Whiny nu-metalheads Korn are about to give nu meaning to the term "commodity."

According to an article (registration required) in today's New York Times, the Bakersfield, Calif., act is set to float a 6% share of the revenues it will derive from, among other things, CD sales and merchandising for its current and next albums.

For its part, Korn will clear approximately $3 million in the transaction, but the band isn't trading itself publicly. Rather, this is an institutional deal, with concert promoter Live Nation (NYSE:LYV) -- an erstwhile unit of Clear Channel Communications (NYSE:CCU) -- paying to play with a band best known for lyrics that carp about parents and music that sets jet-engine guitar roars to thumping rap-rock beats.

So is this a sign of the times?

Could be. Years ago, the ever forward-looking David Bowie sold bonds tied to sales of his pre-1990 music catalogue, ushering in the age of the securitized rock star. Now, with CD sales still moribund even after the industry's post-Napster and Grokster file-sharing clampdowns -- and with legit downloaders cherry-picking individual songs rather than albums from services such as Apple Computer's (NASDAQ:AAPL) iTunes, RealNetworks' (NASDAQ:RNWK) Rhapsody, Yahoo!'s (NASDAQ:YHOO) Music Unlimited, and the reborn Napster (NASDAQ:NAPS) -- the industry is anxious to dive into new revenue streams.
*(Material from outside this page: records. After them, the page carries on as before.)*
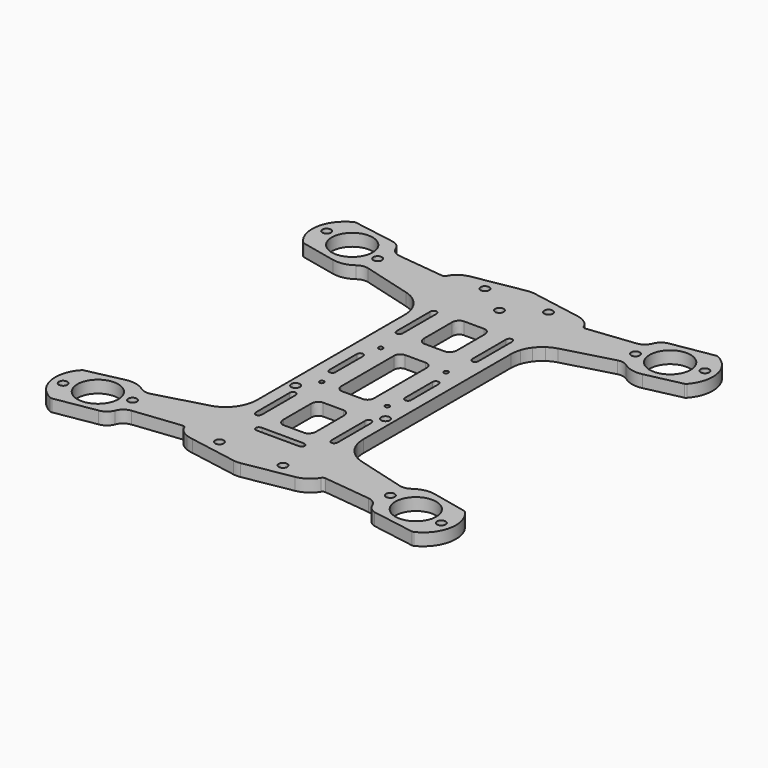
from build123d import *

# Parameters (mm, degrees)
F0_R     = 1.05
F0_R_2   = 5
F0_R_3   = 0.55
F1_DEPTH = 3


# Not quite as in the source:
# - ends of sketch curves that miss each other by under 0.0002 mm in the source are joined


with BuildPart() as f1:
    # F0 (on Top) → F1 (new body)
    with BuildSketch(Plane.XY):
        with BuildLine():
            Line((12.547114, 42.881202), (0.85655, 44.92619))
            ThreePointArc((0.85655, 44.92619), (-0.005, 45.000977), (-0.8665501465, 44.9261908375))
            Line((-0.8665501465, 44.9261908375), (-12.557114, 42.881202))
            ThreePointArc((-12.557114, 42.881202), (-13.3811659144, 42.726197173), (-14.1806832522, 42.4734916576))
            ThreePointArc((-14.1806832522, 42.4734916576), (-14.8442493228, 42.1649785483), (-15.4590972968, 41.7681633969))
            ThreePointArc((-15.4590972968, 41.7681633969), (-15.9947726207, 41.2927995203), (-16.4437235489, 40.7348013706))
            ThreePointArc((-16.4437235489, 40.7348013706), (-16.6010065857, 40.474068763), (-16.7309251323, 40.1986770543))
            ThreePointArc((-16.7309251323, 40.1986770543), (-17.0633376993, 39.8142902587), (-17.5602140107, 39.7076819051))
            Line((-17.5602140107, 39.7076819051), (-28.976888, 40.990102))
            ThreePointArc((-28.976888, 40.990102), (-30.4889144129, 41.6072597908), (-31.4536189137, 42.9250050321))
            ThreePointArc((-31.4536189137, 42.9250050321), (-32.2669695523, 44.1162796633), (-33.5422899426, 44.790247231))
            Line((-33.5422899426, 44.790247231), (-44.024355, 46.547073))
            ThreePointArc((-44.024355, 46.547073), (-44.2703960354, 46.5499421734), (-44.5056712286, 46.4779004714))
            ThreePointArc((-44.5056712286, 46.4779004714), (-48.8678182924, 40.8066015152), (-46.9486082896, 33.9139537381))
            ThreePointArc((-46.9486082896, 33.9139537381), (-46.756758402, 33.7585868692), (-46.5266729937, 33.6691110288))
            Line((-46.5266729937, 33.6691110288), (-37.857414, 31.767143))
            ThreePointArc((-37.857414, 31.767143), (-35.3359003634, 31.7563904573), (-33.0326374155, 32.7826095689))
            ThreePointArc((-33.0326374155, 32.7826095689), (-31.8035160934, 33.3109660693), (-30.4669251472, 33.2524484654))
            Line((-30.4669251472, 33.2524484654), (-18.56562, 29.976315))
            ThreePointArc((-18.56562, 29.976315), (-17.4138061916, 29.5556879599), (-16.3477285533, 28.9498161915))
            ThreePointArc((-16.3477285533, 28.9498161915), (-15.3811482934, 28.1647172936), (-14.555782994, 27.2322850045))
            ThreePointArc((-14.555782994, 27.2322850045), (-13.8911084628, 26.1763608601), (-13.404806368, 25.0273272092))
            ThreePointArc((-13.404806368, 25.0273272092), (-13.1055926689, 23.8032308073), (-13.005, 22.547117))
            Line((-13.005, 22.547117), (-13.005, -22.545163))
            ThreePointArc((-13.005, -22.545163), (-13.1056391598, -23.8016289395), (-13.4049904879, -25.0260568385))
            ThreePointArc((-13.4049904879, -25.0260568385), (-13.8915403308, -26.1754629051), (-14.5565378338, -27.2317031244))
            ThreePointArc((-14.5565378338, -27.2317031244), (-15.3822911127, -28.1644003108), (-16.3492958707, -28.949699189))
            ThreePointArc((-16.3492958707, -28.949699189), (-17.4159327082, -29.5557766888), (-18.5683238155, -29.976536675))
            Line((-18.5683238155, -29.976536675), (-30.468827, -33.252449))
            ThreePointArc((-30.468827, -33.252449), (-31.8054180934, -33.3109660693), (-33.0345392685, -32.7826093676))
            ThreePointArc((-33.0345392685, -32.7826093676), (-35.3378023634, -31.7563904573), (-37.8593158453, -31.7671437053))
            Line((-37.8593158453, -31.7671437053), (-46.528575, -33.669111))
            ThreePointArc((-46.528575, -33.669111), (-46.758660402, -33.7585868692), (-46.9505100734, -33.9139539336))
            ThreePointArc((-46.9505100734, -33.9139539336), (-48.8697202924, -40.8066015152), (-44.5075733347, -46.4779006903))
            ThreePointArc((-44.5075733347, -46.4779006903), (-44.2722980354, -46.5499421734), (-44.0262569999, -46.5470730008))
            Line((-44.0262569999, -46.5470730008), (-34.00125, -44.866851))
            ThreePointArc((-34.00125, -44.866851), (-32.4476725244, -44.2639383706), (-31.4555210863, -42.9250049679))
            ThreePointArc((-31.4555210863, -42.9250049679), (-30.4908164129, -41.6072597908), (-28.9787899602, -40.9901023543))
            Line((-28.9787899602, -40.9901023543), (-17.559317, -39.707367))
            ThreePointArc((-17.559317, -39.707367), (-17.0624979522, -39.8139429564), (-16.7300789977, -40.1982409991))
            ThreePointArc((-16.7300789977, -40.1982409991), (-16.6002219721, -40.4733867622), (-16.4430270568, -40.7338820384))
            ThreePointArc((-16.4430270568, -40.7338820384), (-15.9941324256, -41.2916401808), (-15.4585510869, -41.7667751162))
            ThreePointArc((-15.4585510869, -41.7667751162), (-14.8438267074, -42.1633861463), (-14.1804188227, -42.4717305375))
            ThreePointArc((-14.1804188227, -42.4717305375), (-13.3810245241, -42.7243184881), (-12.557113935, -42.8792484861))
            Line((-12.557113935, -42.8792484861), (-0.86655, -44.924237))
            ThreePointArc((-0.86655, -44.924237), (-0.005, -44.999023), (0.8565499768, -44.9242368672))
            Line((0.8565499768, -44.9242368672), (12.547114, -42.879249))
            ThreePointArc((12.547114, -42.879249), (14.9016711671, -41.9206209342), (16.6479221608, -40.0730510972))
            ThreePointArc((16.6479221608, -40.0730510972), (16.9791102944, -39.7692325356), (17.4218459122, -39.6919257817))
            Line((17.4218459122, -39.6919257817), (28.97879, -40.990102))
            ThreePointArc((28.97879, -40.990102), (30.4908164129, -41.6072597908), (31.4555209137, -42.9250050321))
            ThreePointArc((31.4555209137, -42.9250050321), (32.2688715523, -44.1162796633), (33.5441919426, -44.790247231))
            Line((33.5441919426, -44.790247231), (44.026257, -46.547073))
            ThreePointArc((44.026257, -46.547073), (44.2722980354, -46.5499421734), (44.5075732286, -46.4779004714))
            ThreePointArc((44.5075732286, -46.4779004714), (48.8697202924, -40.8066015152), (46.9505102896, -33.9139537381))
            ThreePointArc((46.9505102896, -33.9139537381), (46.758660402, -33.7585868692), (46.5285749937, -33.6691110288))
            Line((46.5285749937, -33.6691110288), (37.859316, -31.767143))
            ThreePointArc((37.859316, -31.767143), (35.3378023634, -31.7563904573), (33.0345394155, -32.7826095689))
            ThreePointArc((33.0345394155, -32.7826095689), (31.8054180934, -33.3109660693), (30.4688271472, -33.2524484654))
            Line((30.4688271472, -33.2524484654), (18.559028, -29.973977))
            ThreePointArc((18.559028, -29.973977), (17.4064503868, -29.5533376341), (16.3395788739, -28.9474021844))
            ThreePointArc((16.3395788739, -28.9474021844), (15.3725598378, -28.1624472168), (14.5467336983, -27.2300892259))
            ThreePointArc((14.5467336983, -27.2300892259), (13.8816539165, -26.1741955031), (13.3950152055, -25.0250979319))
            ThreePointArc((13.3950152055, -25.0250979319), (13.0956458116, -23.8011576138), (12.995, -22.545163))
            Line((12.995, -22.545163), (12.995, 22.547117))
            ThreePointArc((12.995, 22.547117), (13.0955831803, 23.8028717729), (13.3947679478, 25.0266060173))
            ThreePointArc((13.3947679478, 25.0266060173), (13.8810491707, 26.1753648065), (14.5456781251, 27.2310089064))
            ThreePointArc((14.5456781251, 27.2310089064), (15.3709730893, 28.1631793406), (16.3374399089, 28.9480331332))
            ThreePointArc((16.3374399089, 28.9480331332), (17.4034883055, 29.5537691736), (18.5552417544, 29.9742918988))
            Line((18.5552417544, 29.9742918988), (30.463818, 33.252426))
            ThreePointArc((30.463818, 33.252426), (31.800408437, 33.3109440064), (33.0295292685, 32.7825873676))
            ThreePointArc((33.0295292685, 32.7825873676), (35.3327921796, 31.756367496), (37.8543060546, 31.7671207512))
            Line((37.8543060546, 31.7671207512), (46.523565, 33.669089))
            ThreePointArc((46.523565, 33.669089), (46.7536509796, 33.7585646241), (46.9455010734, 33.9139319336))
            ThreePointArc((46.9455010734, 33.9139319336), (48.8647103142, 40.8065794027), (44.5025641443, 46.4778782976))
            ThreePointArc((44.5025641443, 46.4778782976), (44.2672890354, 46.5499201734), (44.0212479999, 46.5470510008))
            Line((44.0212479999, 46.5470510008), (33.99624, 44.866829))
            ThreePointArc((33.99624, 44.866829), (32.4426631637, 44.2639150954), (31.4505120863, 42.9249819679))
            ThreePointArc((31.4505120863, 42.9249819679), (30.4858074569, 41.6072368251), (28.9737810711, 40.9900793668))
            Line((28.9737810711, 40.9900793668), (17.550624, 39.706931))
            ThreePointArc((17.550624, 39.706931), (17.0537216639, 39.8135552662), (16.7213123855, 40.1979831583))
            ThreePointArc((16.7213123855, 40.1979831583), (16.5913653828, 40.4734865873), (16.434041461, 40.7343266362))
            ThreePointArc((16.434041461, 40.7343266362), (15.9850652254, 41.2924356233), (15.4493465609, 41.76790475))
            ThreePointArc((15.4493465609, 41.76790475), (14.8344418499, 42.164812335), (14.1708039539, 42.4734028797))
            ThreePointArc((14.1708039539, 42.4734028797), (13.371230664, 42.7261632475), (12.547114, 42.881202))
        make_face()
        with Locations((-46.26, -40.3)):
            Circle(F0_R, mode=Mode.SUBTRACT)
        with Locations((-38.895613, -38.887486)):
            Circle(F0_R_2, mode=Mode.SUBTRACT)
        with Locations((-31.53, -37.48)):
            Circle(F0_R, mode=Mode.SUBTRACT)
        with Locations((-7.783131, -40.597392)):
            Circle(F0_R, mode=Mode.SUBTRACT)
        with BuildLine():
            add(Edge.make_bspline(
                [(5.0933147946, -32.4777851358), (5.9933122632, -32.4797918895), (5.9949847622, -31.7297939995), (5.9966572612, -30.9797961094), (5.0966597937, -30.9777888655)],
                knots=[4.7123893072, 4.7123893072, 4.7123893072, 6.2831853072, 6.2831853072, 7.8539813072, 7.8539813072, 7.8539813072], degree=2, weights=[1, 0.7071068967, 1, 0.7071068967, 1]))
            Line((5.0933147946, -32.4777851358), (-5.10666, -32.455041))
            add(Edge.make_bspline(
                [(-5.1033142063, -30.9550448655), (-6.0033121239, -30.9530376206), (-6.0049847619, -31.7030358853), (-6.0066574, -32.4530341501), (-5.10666, -32.455041)],
                knots=[1.570796, 1.570796, 1.570796, 3.1415925, 3.1415925, 4.712389, 4.712389, 4.712389], degree=2, weights=[1, 0.7071067199, 1, 0.7071067199, 1]))
            Line((-5.1033142063, -30.9550448655), (5.0966597937, -30.9777888655))
        make_face(mode=Mode.SUBTRACT)
        with BuildLine():
            add(Edge.make_bspline(
                [(-8.505, -16.4296902941), (-8.5049997549, -15.5296901382), (-9.2549998848, -15.52969), (-10.0050000147, -15.5296898618), (-10.005, -16.4296900177)],
                knots=[1.570796, 1.570796, 1.570796, 3.1415925, 3.1415925, 4.712389, 4.712389, 4.712389], degree=2, weights=[1, 0.7071067199, 1, 0.7071067199, 1]))
            Line((-8.505, -16.4296902941), (-8.505, -26.62969))
            add(Edge.make_bspline(
                [(-10.005, -26.6296900177), (-10.0049999853, -27.5296901735), (-9.2549998554, -27.52969), (-8.5049997255, -27.5296898265), (-8.505, -26.62969)],
                knots=[4.712389, 4.712389, 4.712389, 6.2831855, 6.2831855, 7.853982, 7.853982, 7.853982], degree=2, weights=[1, 0.7071067199, 1, 0.7071067199, 1]))
            Line((-10.005, -26.6296900177), (-10.005, -16.4296900177))
        make_face(mode=Mode.SUBTRACT)
        with BuildLine():
            add(Edge.make_bspline(
                [(-2.5050005196, -15.52969), (-4.0050000294, -15.5296906235), (-4.005, -17.3296900353)],
                knots=[3.141593, 3.141593, 3.141593, 4.712389, 4.712389, 4.712389], degree=2, weights=[1, 0.7071068967, 1]))
            Line((-2.5050005196, -15.52969), (2.495, -15.52969))
            add(Edge.make_bspline(
                [(3.995, -17.3296905882), (3.9950004902, -15.5296893765), (2.495, -15.52969)],
                knots=[1.570796, 1.570796, 1.570796, 3.141593, 3.141593, 3.141593], degree=2, weights=[1, 0.7071065432, 1]))
            Line((3.995, -17.3296905882), (3.995, -25.72969))
            add(Edge.make_bspline(
                [(2.495, -27.52969), (3.9949995098, -27.52969), (3.995, -25.72969)],
                knots=[0, 0, 0, 1.570796, 1.570796, 1.570796], degree=2, weights=[1, 0.7071068967, 1]))
            Line((2.495, -27.52969), (-2.505, -27.52969))
            add(Edge.make_bspline(
                [(-4.005, -25.7296900353), (-4.0049999706, -27.5296894471), (-2.505, -27.52969)],
                knots=[4.712389, 4.712389, 4.712389, 6.283185, 6.283185, 6.283185], degree=2, weights=[1, 0.7071068967, 1]))
            Line((-4.005, -25.7296900353), (-4.005, -17.3296900353))
        make_face(mode=Mode.SUBTRACT)
        with Locations((-11.005, -13.297823)):
            Circle(F0_R, mode=Mode.SUBTRACT)
        with Locations((-8.005, -8.999023)):
            Circle(F0_R_3, mode=Mode.SUBTRACT)
        with Locations((7.773131, -40.597392)):
            Circle(F0_R, mode=Mode.SUBTRACT)
        with Locations((31.53, -37.48)):
            Circle(F0_R, mode=Mode.SUBTRACT)
        with Locations((38.895613, -38.887486)):
            Circle(F0_R_2, mode=Mode.SUBTRACT)
        with Locations((46.26, -40.3)):
            Circle(F0_R, mode=Mode.SUBTRACT)
        with BuildLine():
            add(Edge.make_bspline(
                [(9.995, -16.4296902941), (9.9950002451, -15.5296901382), (9.2450001152, -15.52969), (8.4949999853, -15.5296898618), (8.495, -16.4296900177)],
                knots=[1.570796, 1.570796, 1.570796, 3.1415925, 3.1415925, 4.712389, 4.712389, 4.712389], degree=2, weights=[1, 0.7071067199, 1, 0.7071067199, 1]))
            Line((9.995, -16.4296902941), (9.995, -26.62969))
            add(Edge.make_bspline(
                [(8.495, -26.6296900177), (8.4950000147, -27.5296901735), (9.2450001446, -27.52969), (9.9950002745, -27.5296898265), (9.995, -26.62969)],
                knots=[4.712389, 4.712389, 4.712389, 6.2831855, 6.2831855, 7.853982, 7.853982, 7.853982], degree=2, weights=[1, 0.7071067199, 1, 0.7071067199, 1]))
            Line((8.495, -26.6296900177), (8.495, -16.4296900177))
        make_face(mode=Mode.SUBTRACT)
        with Locations((10.995, -13.297823)):
            Circle(F0_R, mode=Mode.SUBTRACT)
        with Locations((7.995, -8.999023)):
            Circle(F0_R_3, mode=Mode.SUBTRACT)
        with BuildLine():
            ThreePointArc((-8.505, -4.249023), (-9.255, -4.999023), (-10.005, -4.249023))
            Line((-10.005, -4.249023), (-10.005, 4.250977))
            ThreePointArc((-10.005, 4.250977), (-9.255, 5.000977), (-8.505, 4.250977))
            Line((-8.505, 4.250977), (-8.505, -4.249023))
        make_face(mode=Mode.SUBTRACT)
        with BuildLine():
            ThreePointArc((-4.005, 8.125977), (-3.5656601718, 9.1866371718), (-2.505, 9.625977))
            Line((-2.505, 9.625977), (2.495, 9.625977))
            ThreePointArc((2.495, 9.625977), (3.5556601718, 9.1866371718), (3.995, 8.125977))
            Line((3.995, 8.125977), (3.995, -8.124023))
            ThreePointArc((3.995, -8.124023), (3.5556601718, -9.1846831718), (2.495, -9.624023))
            Line((2.495, -9.624023), (-2.505, -9.624023))
            ThreePointArc((-2.505, -9.624023), (-3.5656601718, -9.1846831718), (-4.005, -8.124023))
            Line((-4.005, -8.124023), (-4.005, 8.125977))
        make_face(mode=Mode.SUBTRACT)
        with Locations((-8.005, 9.000977)):
            Circle(F0_R_3, mode=Mode.SUBTRACT)
        with BuildLine():
            add(Edge.make_bspline(
                [(-10.005, 16.4316429823), (-10.0049999853, 15.5316428265), (-9.2549998554, 15.531643), (-8.5049997255, 15.5316431735), (-8.505, 16.4316433294)],
                knots=[4.712389, 4.712389, 4.712389, 6.2831855, 6.2831855, 7.853982, 7.853982, 7.853982], degree=2, weights=[1, 0.7071067199, 1, 0.7071067199, 1]))
            Line((-10.005, 16.4316429823), (-10.005, 26.631643))
            add(Edge.make_bspline(
                [(-8.505, 26.6316427059), (-8.5049997549, 27.5316428618), (-9.2549998848, 27.531643), (-10.0050000147, 27.5316431382), (-10.005, 26.631643)],
                knots=[1.570796, 1.570796, 1.570796, 3.1415925, 3.1415925, 4.712389, 4.712389, 4.712389], degree=2, weights=[1, 0.7071067199, 1, 0.7071067199, 1]))
            Line((-8.505, 26.6316427059), (-8.505, 16.4316433294))
        make_face(mode=Mode.SUBTRACT)
        with BuildLine():
            add(Edge.make_bspline(
                [(-4.005, 17.3316429647), (-4.0049999706, 15.5316435529), (-2.5050004608, 15.531643)],
                knots=[4.712389, 4.712389, 4.712389, 6.283185, 6.283185, 6.283185], degree=2, weights=[1, 0.7071068967, 1]))
            Line((-4.005, 17.3316429647), (-4.005, 25.731643))
            add(Edge.make_bspline(
                [(-2.5050005196, 27.531643), (-4.0050000294, 27.5316423765), (-4.005, 25.731643)],
                knots=[3.141593, 3.141593, 3.141593, 4.712389, 4.712389, 4.712389], degree=2, weights=[1, 0.7071068967, 1]))
            Line((-2.5050005196, 27.531643), (2.495, 27.531643))
            add(Edge.make_bspline(
                [(3.995, 25.7316424118), (3.9950004902, 27.5316436235), (2.495, 27.531643)],
                knots=[1.570796, 1.570796, 1.570796, 3.141593, 3.141593, 3.141593], degree=2, weights=[1, 0.7071065432, 1]))
            Line((3.995, 25.7316424118), (3.995, 17.331643))
            add(Edge.make_bspline(
                [(2.495, 15.531643), (3.9949995098, 15.531643), (3.995, 17.331643)],
                knots=[0, 0, 0, 1.570796, 1.570796, 1.570796], degree=2, weights=[1, 0.7071068967, 1]))
            Line((2.495, 15.531643), (-2.5050004608, 15.531643))
        make_face(mode=Mode.SUBTRACT)
        with Locations((-46.26206, 40.302271)):
            Circle(F0_R, mode=Mode.SUBTRACT)
        with Locations((-38.895873, 38.89185)):
            Circle(F0_R_2, mode=Mode.SUBTRACT)
        with Locations((-31.529686, 37.481428)):
            Circle(F0_R, mode=Mode.SUBTRACT)
        with Locations((-7.783131, 40.599345)):
            Circle(F0_R, mode=Mode.SUBTRACT)
        with Locations((-0.004951, 35.300977)):
            Circle(F0_R, mode=Mode.SUBTRACT)
        with BuildLine():
            ThreePointArc((9.995, -4.249023), (9.245, -4.999023), (8.495, -4.249023))
            Line((8.495, -4.249023), (8.495, 4.250977))
            ThreePointArc((8.495, 4.250977), (9.245, 5.000977), (9.995, 4.250977))
            Line((9.995, 4.250977), (9.995, -4.249023))
        make_face(mode=Mode.SUBTRACT)
        with Locations((7.995, 9.000977)):
            Circle(F0_R_3, mode=Mode.SUBTRACT)
        with BuildLine():
            add(Edge.make_bspline(
                [(8.495, 16.4316429823), (8.4950000147, 15.5316428265), (9.2450001446, 15.531643), (9.9950002745, 15.5316431735), (9.995, 16.4316433294)],
                knots=[4.712389, 4.712389, 4.712389, 6.2831855, 6.2831855, 7.853982, 7.853982, 7.853982], degree=2, weights=[1, 0.7071067199, 1, 0.7071067199, 1]))
            Line((8.495, 16.4316429823), (8.495, 26.631643))
            add(Edge.make_bspline(
                [(9.995, 26.6316427059), (9.9950002451, 27.5316428618), (9.2450001152, 27.531643), (8.4949999853, 27.5316431382), (8.495, 26.631643)],
                knots=[1.570796, 1.570796, 1.570796, 3.1415925, 3.1415925, 4.712389, 4.712389, 4.712389], degree=2, weights=[1, 0.7071067199, 1, 0.7071067199, 1]))
            Line((9.995, 26.6316427059), (9.995, 16.4316433294))
        make_face(mode=Mode.SUBTRACT)
        with Locations((7.773131, 40.599345)):
            Circle(F0_R, mode=Mode.SUBTRACT)
        with Locations((31.53, 37.481428)):
            Circle(F0_R, mode=Mode.SUBTRACT)
        with Locations((38.885873, 38.89185)):
            Circle(F0_R_2, mode=Mode.SUBTRACT)
        with Locations((46.26, 40.302271)):
            Circle(F0_R, mode=Mode.SUBTRACT)
    extrude(amount=F1_DEPTH)


solid = f1.part

Ergo, Korn has lived up to its name and packaged itself as a commodity.

You have to admire the band's sense of timing. And it's tempting to think of the arrangement as an example of capitalism's capacity for creative destruction: When your outmoded business model fails, devise a new one that works.

Still . call me old-fashioned, but shouldn't a band that trades on a rebellious stance be, well, rebellious? I mean, what's next? Using the Ramones' "Blitzkrieg Bop" to sell Anheuser-Busch's (NYSE:BUD) Bud Light or the Beatles' "Revolution" to sell Nike sneakers?

Oh, wait. Those things have already happened. And major labels, of course, have long treated their acts as product, hyping them up the charts until some bright and shiny Next Big Thing comes along. (Kelly Clarkson, meet Carrie Underwood.)

With that as a backdrop, Korn's alliance with Live Nation is less a novel approach to the business side of making music than it is a new verse in the same old song. To paraphrase a line from The Who -- whose music has been used to sell everything from automobiles to computers -- you might even say that Korn's new deal is a case of meeting the new boss and finding, alas, that he's the same as the old boss.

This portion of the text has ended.